The Road to Passenger 3: Performance - acangiano
http://blog.phusion.nl/2010/06/10/the-road-to-passenger-3-technology-preview-1-performance-2/
======
luckystrike
Good work by Phusion guys (as usual). It is extremely heartening to see
renewed focus on performance by them.

I was a little disappointed to read this comment though:

    
    
      Needless to say, we’ve performed our own benchmarks already and have concluded 
      that “the self-proclaimed fastest deployment solution” really isn’t 
      the fastest deployment solution compared to Phusion Passenger 3. ;-)
    

The comment seemed a little snarky to me. Never met these folks in person, but
all I have heard is good things about them.
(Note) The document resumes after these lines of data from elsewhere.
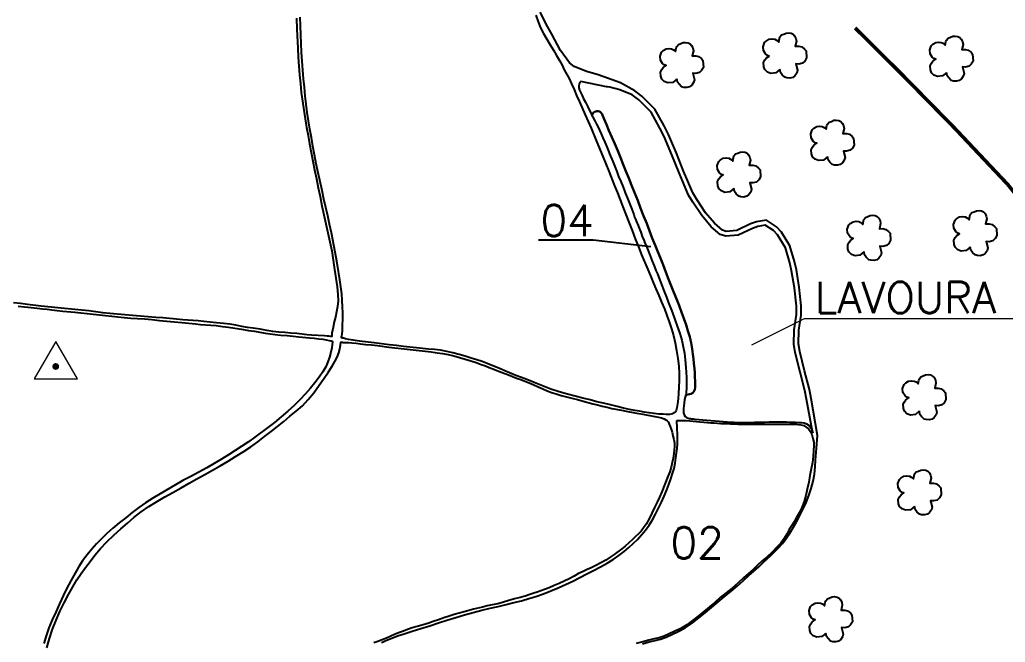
# Model space of a CAD drawing. Extents: x 729642 to 735582, y 7828609 to 7832809.
# Drawn here: x 732047 to 732871, y 7830480 to 7830999 of the extents above; entities that cross this region are included whole.
import ezdxf

# ---------------------------------------------------------------- set-up
doc = ezdxf.new("R2010")
doc.units = 0
doc.header["$MEASUREMENT"] = 0
doc.linetypes.add('CONTINUO', pattern=[0])
doc.linetypes.add('LIN0', pattern=[0])
for name, color, linetype in [('0114000611', 1, 'Continuous'), ('0114000611002', 5, 'LIN0'), ('0114000611004', 5, 'LIN0'), ('0114000611348', 5, 'LIN0'), ('0114000611349', 5, 'LIN0'), ('0114000611354', 5, 'LIN0'), ('0114000611355', 5, 'LIN0'), ('_SIMBOLO ARVORE', 94, 'Continuous'), ('CURSOS_D_AGUA', 4, 'Continuous'), ('LAVOURA', 3, 'Continuous'), ('TEXTO', 7, 'Continuous'), ('TEXTO_NUN_TAL', 7, 'Continuous')]:
    doc.layers.add(name, color=color, linetype=linetype)
doc.layers.add('TEXTO_DIVERSOS', color=7, linetype='Continuous', lineweight=5)
doc.styles.add('Simplex', font='simplex.shx')

msp = doc.modelspace()

# ---------------------------------------------------------------- linework, layer by layer
at = {"layer": '0114000611'}
msp.add_lwpolyline([(732567.79, 7830478.45), (732573.28, 7830479.93), (732578.18, 7830481.25), (732582.76, 7830482.39), (732587.4, 7830484.01), (732592.23, 7830486.17), (732597.6, 7830488.64), (732603.45, 7830491.88), (732609.15, 7830495.75), (732614.69, 7830500), (732620.13, 7830504.28), (732625.39, 7830508.75), (732630.71, 7830513.26), (732636.03, 7830517.69), (732641.45, 7830522.04), (732646.81, 7830526.5), (732651.84, 7830531.08), (732656.48, 7830535.33), (732660.71, 7830539.09), (732664.74, 7830542.72), (732668.36, 7830546.16), (732671.69, 7830549.33), (732674.81, 7830552.11), (732677.91, 7830555.08), (732681.2, 7830558.43), (732684.57, 7830562.15), (732687.78, 7830566.26), (732690.84, 7830570.69), (732693.57, 7830575.42), (732696.29, 7830580.36), (732699.2, 7830585.57), (732701.89, 7830590.99), (732704.32, 7830596.5), (732706.61, 7830602.13), (732708.63, 7830608.02), (732710.2, 7830614.1), (732711.28, 7830620.18), (732712.03, 7830626.12), (732712.29, 7830631.71), (732713.04, 7830641.62), (732713.9, 7830652.42), (732713.9, 7830652.42), (732708.64, 7830683.26), (732707.3, 7830690.85), (732703.13, 7830706.28), (732699.04, 7830722.38), (732698.12, 7830728.9), (732698.27, 7830740.16), (732700.29, 7830752.91), (732700.35, 7830760.47), (732698.53, 7830776.12), (732696.19, 7830790.54), (732694.62, 7830797.49), (732690.68, 7830810.73), (732683.68, 7830822.18), (732679.72, 7830826.63), (732671.12, 7830832.08), (732663.02, 7830830.83), (732657.93, 7830828.96), (732646.52, 7830823.51), (732637.63, 7830822.78), (732634.62, 7830823.72), (732627.79, 7830829.5), (732620.39, 7830838.31), (732613.17, 7830849.23), (732609.73, 7830854.84), (732604.69, 7830866.48), (732601.94, 7830873.14), (732596, 7830888.13), (732589.33, 7830903.51), (732585.76, 7830910.83), (732578.08, 7830924.76), (732567.2, 7830935.67), (732561.33, 7830940.17), (732549.39, 7830946.79), (732535.44, 7830951.88), (732529.69, 7830953.8), (732520.92, 7830956.33), (732510.62, 7830960.33), (732506.75, 7830963.45), (732499.17, 7830973.87), (732491.82, 7830987.29), (732488.37, 7830993.82), (732482.3, 7831005.81)], dxfattribs=at)
at = {"layer": '0114000611002', "linetype": 'ByBlock'}
for points in [[(732563.36, 7830565.59), (732566.77, 7830569.32), (732570.15, 7830573.23), (732573.12, 7830577.55), (732575.91, 7830582), (732578.54, 7830586.73), (732581.09, 7830591.69), (732583.44, 7830596.74), (732585.76, 7830601.8), (732587.97, 7830607.04), (732589.74, 7830611.51), (732591.38, 7830616.01), (732592.81, 7830620.48), (732594.02, 7830624.85), (732594.92, 7830629.28), (732595.61, 7830633.8), (732596.15, 7830637.99), (732596.55, 7830641.59), (732596.84, 7830645.14), (732597.04, 7830648.47), (732596.93, 7830651.65), (732596.85, 7830654.27), (732596.69, 7830657.18), (732596.69, 7830657.18), (732596.56, 7830660.41), (732596.44, 7830663.02), (732596.43, 7830664.51), (732596.51, 7830664.97), (732598.37, 7830664.95), (732600.14, 7830664.98), (732601.85, 7830664.96), (732604.26, 7830664.77), (732607.16, 7830664.58), (732610.02, 7830664.32), (732612.72, 7830663.95), (732615.54, 7830663.69), (732618.85, 7830663.41), (732621.92, 7830663.17), (732624.84, 7830663), (732627.57, 7830662.77), (732630.3, 7830662.59), (732632.98, 7830662.36), (732635.87, 7830662.25), (732638.69, 7830662.27), (732641.18, 7830662.09), (732643.84, 7830661.93), (732647.44, 7830661.82), (732651.27, 7830661.71), (732654.44, 7830661.71), (732657.03, 7830661.69), (732659.73, 7830661.75), (732662.58, 7830661.84), (732665.32, 7830661.91), (732668.09, 7830661.82), (732670.79, 7830661.83), (732673.48, 7830661.8), (732676.03, 7830661.78), (732678.71, 7830661.82), (732681.67, 7830661.82), (732684.86, 7830661.88), (732687.97, 7830661.89), (732691.18, 7830661.92), (732694.12, 7830661.91), (732696.21, 7830661.7), (732697.65, 7830661.57), (732700.02, 7830661.19), (732702.31, 7830660.54), (732704.43, 7830659.37), (732706.31, 7830657.81), (732707.8, 7830655.82), (732709.12, 7830653.07), (732710.1, 7830649.87), (732710.69, 7830646.82), (732710.77, 7830643.6), (732710.55, 7830639.56), (732710.17, 7830634.82), (732709.64, 7830629.68), (732708.7, 7830624.39), (732707.57, 7830618.93), (732706.53, 7830613.28), (732705.35, 7830607.57), (732704.09, 7830602.15), (732702.62, 7830597.13), (732700.91, 7830592.35), (732698.82, 7830588.04), (732696.45, 7830583.91), (732694.29, 7830580.37), (732692.36, 7830577.19), (732690.32, 7830573.75), (732688.31, 7830569.97), (732686.05, 7830566.23), (732683.25, 7830562.57), (732679.86, 7830558.98), (732675.95, 7830555.02), (732671.83, 7830551.13), (732667.72, 7830547.55), (732663.82, 7830543.97), (732660.11, 7830540.49), (732656.19, 7830537.14), (732651.95, 7830533.37), (732647.52, 7830529.31), (732642.57, 7830524.98), (732637.53, 7830520.94), (732632.68, 7830516.97), (732628.1, 7830513.03), (732623.56, 7830509.24), (732618.97, 7830505.4), (732614.23, 7830501.43), (732609.51, 7830497.73), (732604.6, 7830494.2), (732599.75, 7830491.31), (732594.71, 7830488.97), (732589.87, 7830486.69), (732585.66, 7830484.7), (732581.64, 7830483.39), (732577.49, 7830482.46), (732572.98, 7830481.31), (732567.89, 7830480.01), (732562.5, 7830478.57)], [(732349.55, 7830479.43), (732350.53, 7830479.88), (732352.09, 7830480.72), (732354.6, 7830481.68), (732358.24, 7830483.13), (732363.01, 7830485.01), (732368.52, 7830486.79), (732375.22, 7830488.87), (732382.5, 7830491.13), (732389.89, 7830493.44), (732397.12, 7830495.82), (732404.35, 7830498.2), (732411.65, 7830500.43), (732418.92, 7830502.7), (732426.15, 7830504.65), (732433.34, 7830506.45), (732440.37, 7830508.1), (732447.2, 7830509.6), (732453.82, 7830511.16), (732460.21, 7830512.8), (732466.48, 7830514.42), (732472.6, 7830516.12), (732478.7, 7830518), (732484.85, 7830520.17), (732491.03, 7830522.53), (732497.18, 7830525.09), (732503.29, 7830527.82), (732509.34, 7830530.76), (732515.26, 7830533.89), (732521.11, 7830536.79), (732526.82, 7830539.69), (732532.51, 7830542.7), (732538.04, 7830545.73), (732543.21, 7830548.91), (732547.99, 7830552.13), (732552.23, 7830555.4), (732556.21, 7830558.76), (732559.96, 7830562.14), (732563.36, 7830565.59)]]:
    msp.add_lwpolyline(points, dxfattribs=at)
at = {"layer": '0114000611004', "linetype": 'ByBlock', "elevation": 704.33}
msp.add_lwpolyline([(732609.69, 7830687.82), (732610.64, 7830689.04), (732611.31, 7830690.7), (732611.56, 7830692.49), (732611.65, 7830694.71), (732611.54, 7830697.75), (732611.37, 7830701.13), (732611.3, 7830704.65), (732611.04, 7830708.38), (732610.63, 7830712.38), (732610.26, 7830716.4), (732609.84, 7830720.35), (732609.19, 7830724.81), (732608.29, 7830729.7), (732607.11, 7830734.78), (732605.67, 7830739.84), (732604.04, 7830744.8), (732602.29, 7830750.03), (732600.28, 7830755.34), (732598.21, 7830760.81), (732596.01, 7830766.29), (732593.84, 7830771.78), (732591.69, 7830777.2), (732589.42, 7830782.94), (732587.22, 7830788.79), (732584.88, 7830794.72), (732582.58, 7830800.41), (732580.49, 7830805.72), (732578.2, 7830811.26), (732575.85, 7830817.08), (732573.64, 7830823.08), (732571.24, 7830829.28), (732568.64, 7830835.61), (732566.1, 7830842.01), (732563.66, 7830848.56), (732561.09, 7830855.07), (732558.61, 7830861.26), (732556.15, 7830867.16), (732553.83, 7830872.92), (732551.46, 7830878.58), (732549.17, 7830884.35), (732546.97, 7830890.1), (732544.49, 7830895.82), (732542.01, 7830901.52), (732539.68, 7830907.02), (732537.54, 7830911.98), (732535.68, 7830916.31), (732534.12, 7830919.83), (732533.87, 7830920.61), (732533.51, 7830921.2), (732533.24, 7830921.73), (732532.96, 7830922.13), (732532.74, 7830922.29), (732531.87, 7830922.9), (732530.65, 7830923.16), (732529.43, 7830923.22), (732528.76, 7830922.95), (732527.64, 7830922.57), (732526.86, 7830921.97), (732526.54, 7830921.54), (732526.44, 7830921.43), (732526.26, 7830921.18), (732526.13, 7830920.96), (732525.89, 7830920.52), (732525.71, 7830919.59), (732525.59, 7830919.12), (732526.16, 7830918.28), (732526.84, 7830916.98), (732527.83, 7830915), (732529.27, 7830912.17), (732530.41, 7830910.44), (732531.88, 7830907.35), (732533.18, 7830904.28), (732534.56, 7830900.88), (732536.19, 7830897.21), (732537.8, 7830893.26), (732539.42, 7830889.25), (732540.14, 7830887.35), (732542.81, 7830880.96), (732544.49, 7830876.84), (732546.12, 7830872.75), (732547.73, 7830868.58), (732549.54, 7830864.28), (732551.41, 7830859.74), (732552.57, 7830856.47), (732553.25, 7830854.99), (732554.74, 7830850.94), (732557.01, 7830845.57), (732558.66, 7830841.17), (732560.35, 7830836.94), (732561.09, 7830834.74), (732561.94, 7830832.84), (732563.21, 7830829.4), (732563.41, 7830829.04), (732564.77, 7830825.45), (732565.33, 7830823.95), (732566.14, 7830822), (732567.53, 7830818.5), (732568.95, 7830814.77), (732569.74, 7830812.93), (732570.64, 7830810.86), (732572.03, 7830807.21), (732574.06, 7830802.26), (732575.72, 7830798), (732577.37, 7830794), (732578.91, 7830789.99), (732580.11, 7830787.18), (732582.06, 7830782.07), (732583.98, 7830776.9), (732585.78, 7830772.41), (732587.66, 7830767.78), (732589.51, 7830763.16), (732590.56, 7830760.3), (732591.41, 7830758.38), (732592.68, 7830754.7), (732594.75, 7830749.11), (732596.72, 7830743.51), (732598.98, 7830737.5), (732600.48, 7830732.01), (732601.69, 7830726.48), (732602.69, 7830720.95), (732603.41, 7830715.57), (732603.93, 7830709.02), (732604.27, 7830705.14), (732604.34, 7830700.62), (732604.42, 7830696.56), (732604.41, 7830693.23), (732604.38, 7830690.91), (732604.23, 7830689.21), (732604.18, 7830687.84), (732604.09, 7830686.87), (732603.98, 7830686.31), (732604.23, 7830686.24), (732604.75, 7830686.36), (732605.79, 7830686.66), (732606.98, 7830686.83), (732607.65, 7830686.99), (732608.44, 7830687.15), (732609.69, 7830687.82)], dxfattribs=at)
at = {"layer": '0114000611348', "color": 5}
msp.add_lwpolyline([(732278.7, 7831000.65), (732278.91, 7830991.57), (732279.64, 7830975.62), (732279.96, 7830968.08), (732280.46, 7830960.65), (732281.12, 7830953.34), (732281.84, 7830946.05), (732282.63, 7830938.81), (732283.54, 7830931.42), (732284.68, 7830923.97), (732285.99, 7830916.61), (732287.12, 7830909.49), (732288.36, 7830902.66), (732289.53, 7830895.72), (732290.79, 7830888.68), (732293.68, 7830874.09), (732295.22, 7830866.68), (732296.72, 7830859.22), (732298.31, 7830851.77), (732299.86, 7830844.18), (732301.53, 7830836.45), (732304.93, 7830821.52), (732306.55, 7830814.02), (732308.03, 7830806.37), (732309.3, 7830798.58), (732310.46, 7830791.04), (732311.56, 7830783.68), (732312.48, 7830776.43), (732313.24, 7830769.91), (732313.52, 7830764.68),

So, I hope it was just a tongue in
cheek comment about the competitor solution. :-)

Most of the times competition is good for everyone, as it raises the bar and
in general improves helps improve the quality of the solutions.

Hope they keep coming up with more such good things in future.

Disclaimer: I am the co-creator of the 'self proclaimed fastest ..' referred
in the post. - [http://webroar.in/blog/2009/11/25/comparison-of-rails-
deploy...](http://webroar.in/blog/2009/11/25/comparison-of-rails-deployment-
stacks-2)

I am no longer involved in the project, so would not be able to say anything
on behalf of the folks who currently taking care of it now.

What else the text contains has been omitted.